Include a clause to the contract that only persons with original powers of attorney accept the goods

It is recommended to include a condition that the supplier only transfers the goods to persons who have original powers of attorney from the buyer. This will help reduce the risk of receiving the goods by unauthorized persons who can use this in their favor to refuse payment. Another option is to include in the annex to the contract the names of the buyer’s representatives who are authorized to receive the goods and execute the documents. However, for these terms to work, the employees who ship goods to the counterparties must be informed to request original powers of attorney.

The buyer denied receiving the goods, but the court found that the documents signed by the buyer’s manager under a power of attorney confirmed the transfer of the goods. Since the buyer did not claim falsification of signatures and seals, it means that the goods were delivered and must be paid for.

— Resolution of the Moscow District Court of Arbitration of 16.11.2021 in case No. A40-173450/2020

Finally, if the buyer declares that the power of attorney is falsified and the expertise confirms it, there is a risk that the supplier will no longer be able to achieve payment.

— Resolution of the Arbitration Court of the Urals District of 23.11.2021 in case No. A76-559/2020

Only give goods, if the delivery notes bear the buyer’s stamp and signature.

It is important for the supplier to explain to all its employees responsible for transferring goods to counterparties that they should not release goods until they receive documents with the buyer’s stamp, signature and transcription. There is a big problem with receiving payment for goods, because the invoices do not have the buyer’s stamp and signature. As a result, the supplier cannot confirm the fact of delivery and, accordingly, to receive payment.

— The Decree of the North Caucasus District Court of 12.01.2022 in case No. A32-5397/2021.

— Resolution of the Arbitration Court of the Volga District of 03.06.2021 in case No. A65-18868/2020.

If the documents have the signature and seal of the buyer, it is already enough to confirm that the goods must be paid.
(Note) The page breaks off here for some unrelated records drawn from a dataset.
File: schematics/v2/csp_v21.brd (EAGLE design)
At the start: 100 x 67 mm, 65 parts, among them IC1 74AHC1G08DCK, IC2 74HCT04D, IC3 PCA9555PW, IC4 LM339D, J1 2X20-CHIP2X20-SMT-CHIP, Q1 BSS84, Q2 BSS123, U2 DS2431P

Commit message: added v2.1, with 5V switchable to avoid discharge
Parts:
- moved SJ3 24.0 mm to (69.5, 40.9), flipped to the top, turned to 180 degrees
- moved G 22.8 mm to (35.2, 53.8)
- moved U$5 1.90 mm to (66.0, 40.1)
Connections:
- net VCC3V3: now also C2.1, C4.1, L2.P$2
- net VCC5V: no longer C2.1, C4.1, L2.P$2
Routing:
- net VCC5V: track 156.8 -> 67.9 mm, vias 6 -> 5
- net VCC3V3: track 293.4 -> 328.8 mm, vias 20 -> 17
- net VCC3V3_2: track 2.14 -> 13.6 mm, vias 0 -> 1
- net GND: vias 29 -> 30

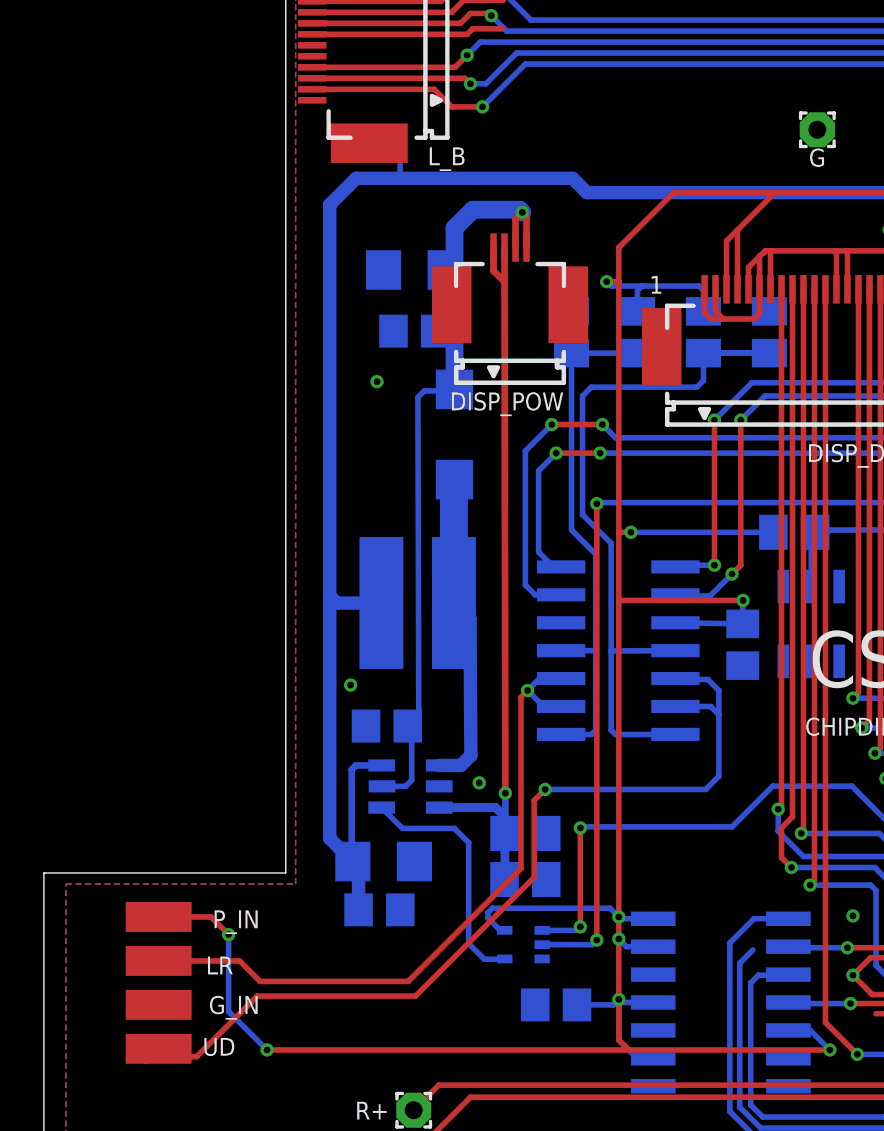
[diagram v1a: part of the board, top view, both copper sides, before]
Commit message: Fixed Op-amp, position of thumb still wrong
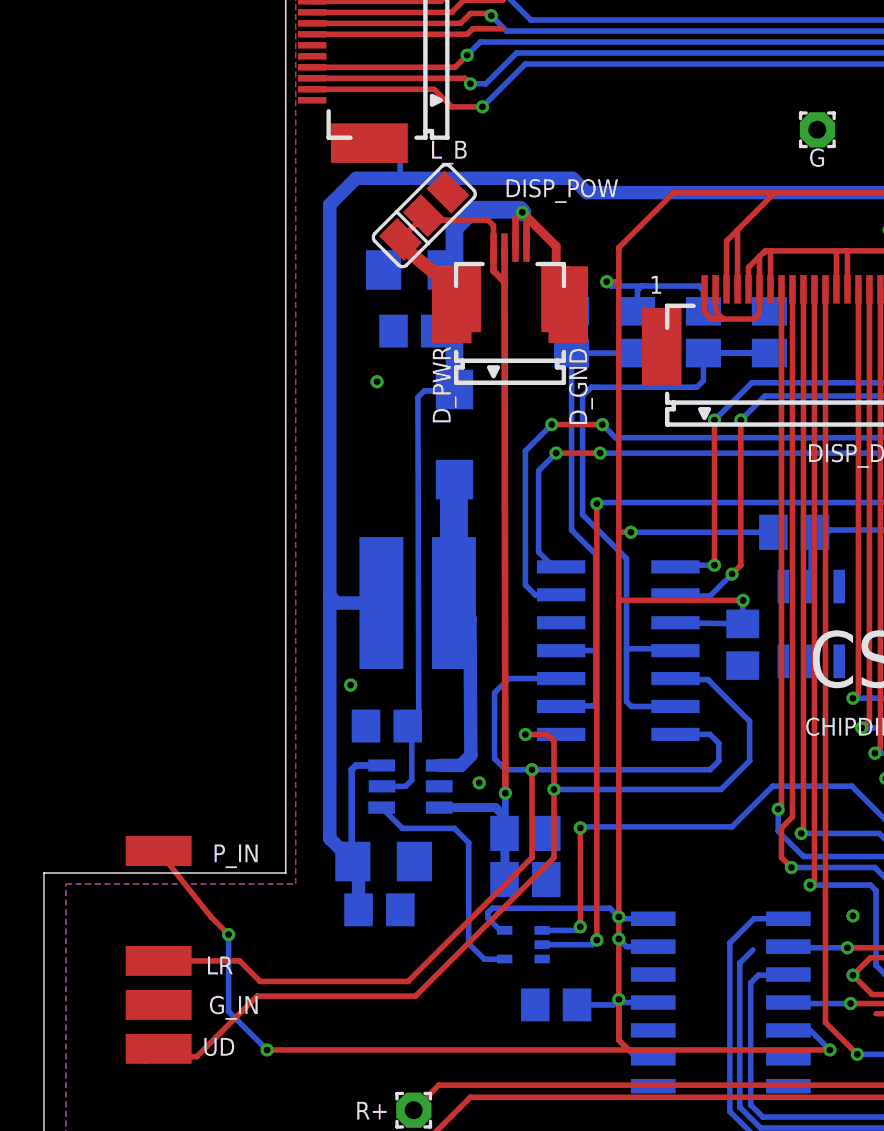
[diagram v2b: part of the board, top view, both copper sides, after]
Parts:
- added D_GND: D_GND, JKW_CHIP:SMD1,36-3
- added D_PWR: D_PWR, JKW_CHIP:SMD1,36-3
- added U$28: SMD_SJ_3WAY_CLOSED, JKW_CHIP:SMD_SJ_3WAY_CLOSED
- moved P_IN 3.00 mm to (5.22, 21.0)
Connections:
- new net N$28: D_PWR.P$1, U$28.1
- net 1V: now also IC4.6; no longer IC4.7
- net 2V: now also IC4.9; no longer IC4.8
- net DISPL_GND: now also U$28.2
- net FB: now also D_GND.P$1
- net N$30: now also IC4.8; no longer IC4.6
- net N$31: now also IC4.7; no longer IC4.9
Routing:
- net N$31: track 30.8 -> 43.5 mm
- net FB: track 36.7 -> 41.3 mm
- net N$30: track 42.2 -> 46.7 mm, vias 1 -> 2
- net DISPL_GND: track 34.9 -> 39.3 mm
- net N$28: track 0.00 -> 4.12 mm
- net 1V: track 34.7 -> 32.4 mm
- net VCC3V3: track 328.8 -> 330.2 mm
- net 2V: track 23.8 -> 22.6 mm

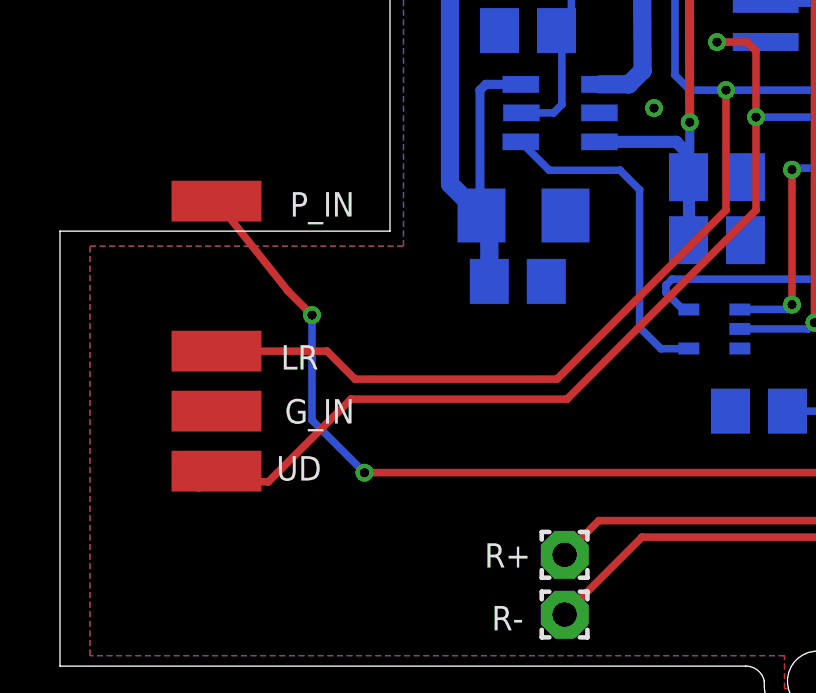
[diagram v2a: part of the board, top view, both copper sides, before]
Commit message: moved pads for analog input
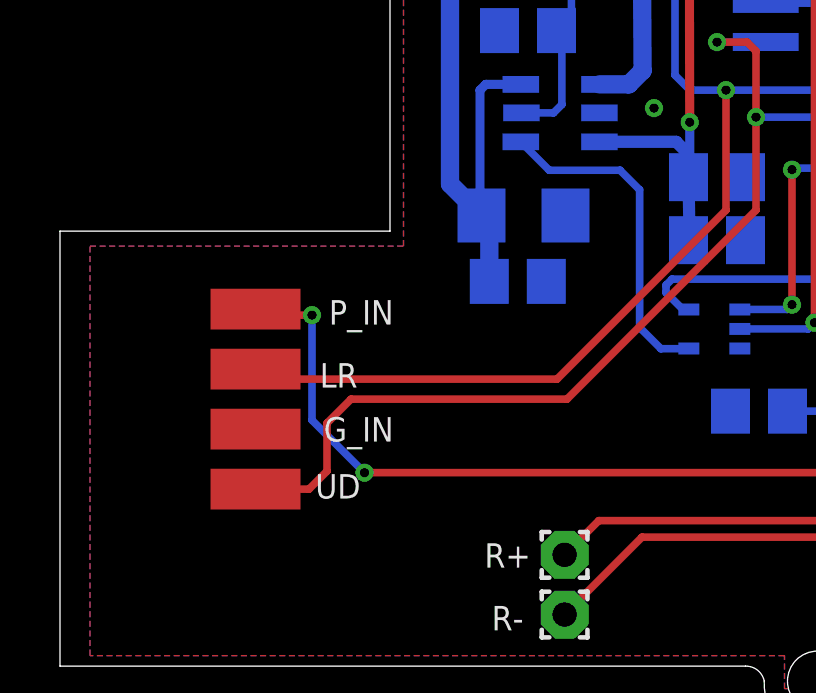
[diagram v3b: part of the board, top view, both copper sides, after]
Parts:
- moved P_IN 3.83 mm to (6.52, 17.4)
- moved G_IN 1.43 mm to (6.52, 13.4)
- moved LR 1.43 mm to (6.52, 15.4)
- moved UD 1.43 mm to (6.52, 11.4)
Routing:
- net VCC3V3: track 330.2 -> 327.2 mm
- net N$31: track 43.5 -> 42.0 mm
- net N$30: track 46.7 -> 45.2 mm
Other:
- board text added: "v3 JKW"
- board text removed: "v2 JKW"
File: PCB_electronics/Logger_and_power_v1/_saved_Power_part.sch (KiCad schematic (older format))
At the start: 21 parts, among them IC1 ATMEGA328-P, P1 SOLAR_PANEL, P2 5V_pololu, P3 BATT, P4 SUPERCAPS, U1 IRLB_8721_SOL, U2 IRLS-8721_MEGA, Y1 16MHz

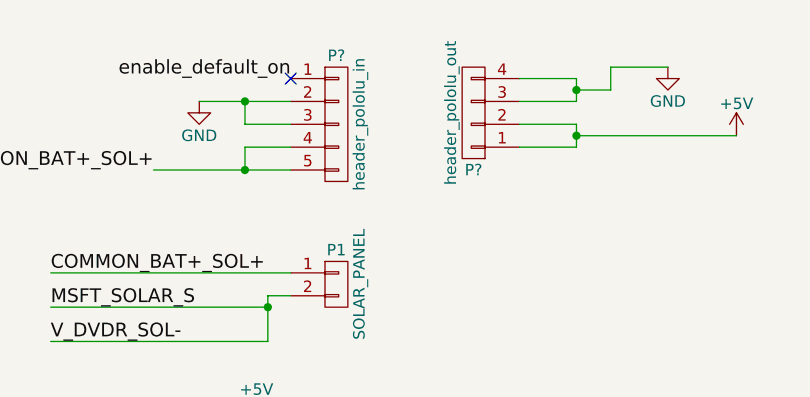
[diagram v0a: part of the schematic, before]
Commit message: now pololu on PCB; need to export gerbers still
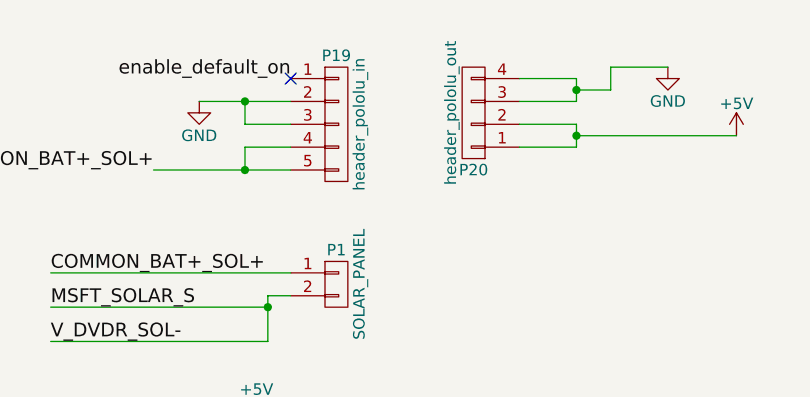
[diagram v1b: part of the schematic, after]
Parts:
- P19: renamed from P?; footprint (none) -> Pin_Headers:Pin_Header_Straight_1x05
- P20: renamed from P?; footprint (none) -> Pin_Headers:Pin_Header_Straight_1x04
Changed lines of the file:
@@
 NoConn ~ 10200 3750
 $Comp
-L CONN_01X05 P?
+L CONN_01X05 P19
 U 1 1 5D40578E
 P 8150 950
-F 0 "P?" H 8150 1250 50  0000 C CNN
+F 0 "P19" H 8150 1250 50  0000 C CNN
 F 1 "header_pololu_in" V 8250 950 50  0000 C CNN
-F 2 "" H 8150 950 50  0000 C CNN
+F 2 "Pin_Headers:Pin_Header_Straight_1x05" H 8150 950 50  0001 C CNN
 F 3 "" H 8150 950 50  0000 C CNN
 	1    8150 950
@@
 $EndComp
 $Comp
-L CONN_01X04 P?
+L CONN_01X04 P20
 U 1 1 5D405903
 P 8750 900
-F 0 "P?" H 8750 1150 50  0000 C CNN
+F 0 "P20" H 8750 1150 50  0000 C CNN
 F 1 "header_pololu_out" V 8850 900 50  0000 C CNN
-F 2 "" H 8750 900 50  0000 C CNN
+F 2 "Pin_Headers:Pin_Header_Straight_1x04" H 8750 900 50  0001 C CNN
 F 3 "" H 8750 900 50  0000 C CNN
 	1    8750 900
@@
 Connection ~ 9200 1000
 $Comp
-L GND #PWR?
+L GND #PWR019
 U 1 1 5D405E2B
 P 9600 700
-F 0 "#PWR?" H 9600 450 50  0001 C CNN
+F 0 "#PWR019" H 9600 450 50  0001 C CNN
 F 1 "GND" H 9600 550 50  0000 C CNN
 F 2 "" H 9600 700 50  0000 C CNN
@@
 	9350 700  9600 700
 $Comp
-L +5V #PWR?
+L +5V #PWR020
 U 1 1 5D406012
 P 9900 1000
-F 0 "#PWR?" H 9900 850 50  0001 C CNN
+F 0 "#PWR020" H 9900 850 50  0001 C CNN
 F 1 "+5V" H 9900 1140 50  0000 C CNN
 F 2 "" H 9900 1000 50  0000 C CNN
@@
 Connection ~ 7750 850
 $Comp
-L GND #PWR?
+L GND #PWR021
 U 1 1 5D406578
 P 7550 850
-F 0 "#PWR?" H 7550 600 50  0001 C CNN
+F 0 "#PWR021" H 7550 600 50  0001 C CNN
 F 1 "GND" H 7550 700 50  0000 C CNN
 F 2 "" H 7550 850 50  0000 C CNN

An example of such an argument is the situation, when the supplier demanded to recover debt for goods. The court upheld it, as delivery notes with the seal and signature of the buyer confirms the fact of delivery.

— The Decree of the Central District Court of 16.11.2022 in case No. A14-18366/2021

If the buyer claims that its stamp was lost or the impression is falsified, such arguments will have no effect. In the case, where the buyer claims that only the signature is falsified, it will also not help to prove that the goods were not received.

— Ruling of the Central District Court of Arbitration of 23.01.2023 in case No. A83-17283/2020

Establish a procedure and deadline for employees to organize debt collection for goods

To avoid missing the statute of limitations and not being left without payment, it is recommended to develop a local act that defines the procedure for debt collection and appoints responsible employees for monitoring non-payment of deliveries and conducting reconciliations. The local act can be formalized in the form of an instruction on collection of receivables. It is important to establish clear deadlines, when an employee must prepare a claim and file a lawsuit to avoid the risk of missing the three-year statute of limitations.

— The Decree of the Central District Court of 29.07.2022 in case No. A68-5688/2019

— Decision of the North-Western District Court of 30.09.2022 in case No. A56-56338/2021

— Resolution of the Arbitration Court of the Volga District of 01.11.2022 in case No. A06-1974/2022

The supplier failed to receive payment for the goods, as more than three years passed from the date of disputed deliveries and signing of the reconciliation act before the appeal to the court.

— Resolution of the Moscow District Court of Arbitration of 28.12.2022 in case No. A40-63020/2022

So, to make mistakes and thereby risk the process of delivery, which is important to be systematic, is quite simple. Observing these rules of «legal hygiene» in the execution of the supply contract, you can significantly reduce the chance of problems in the legal field.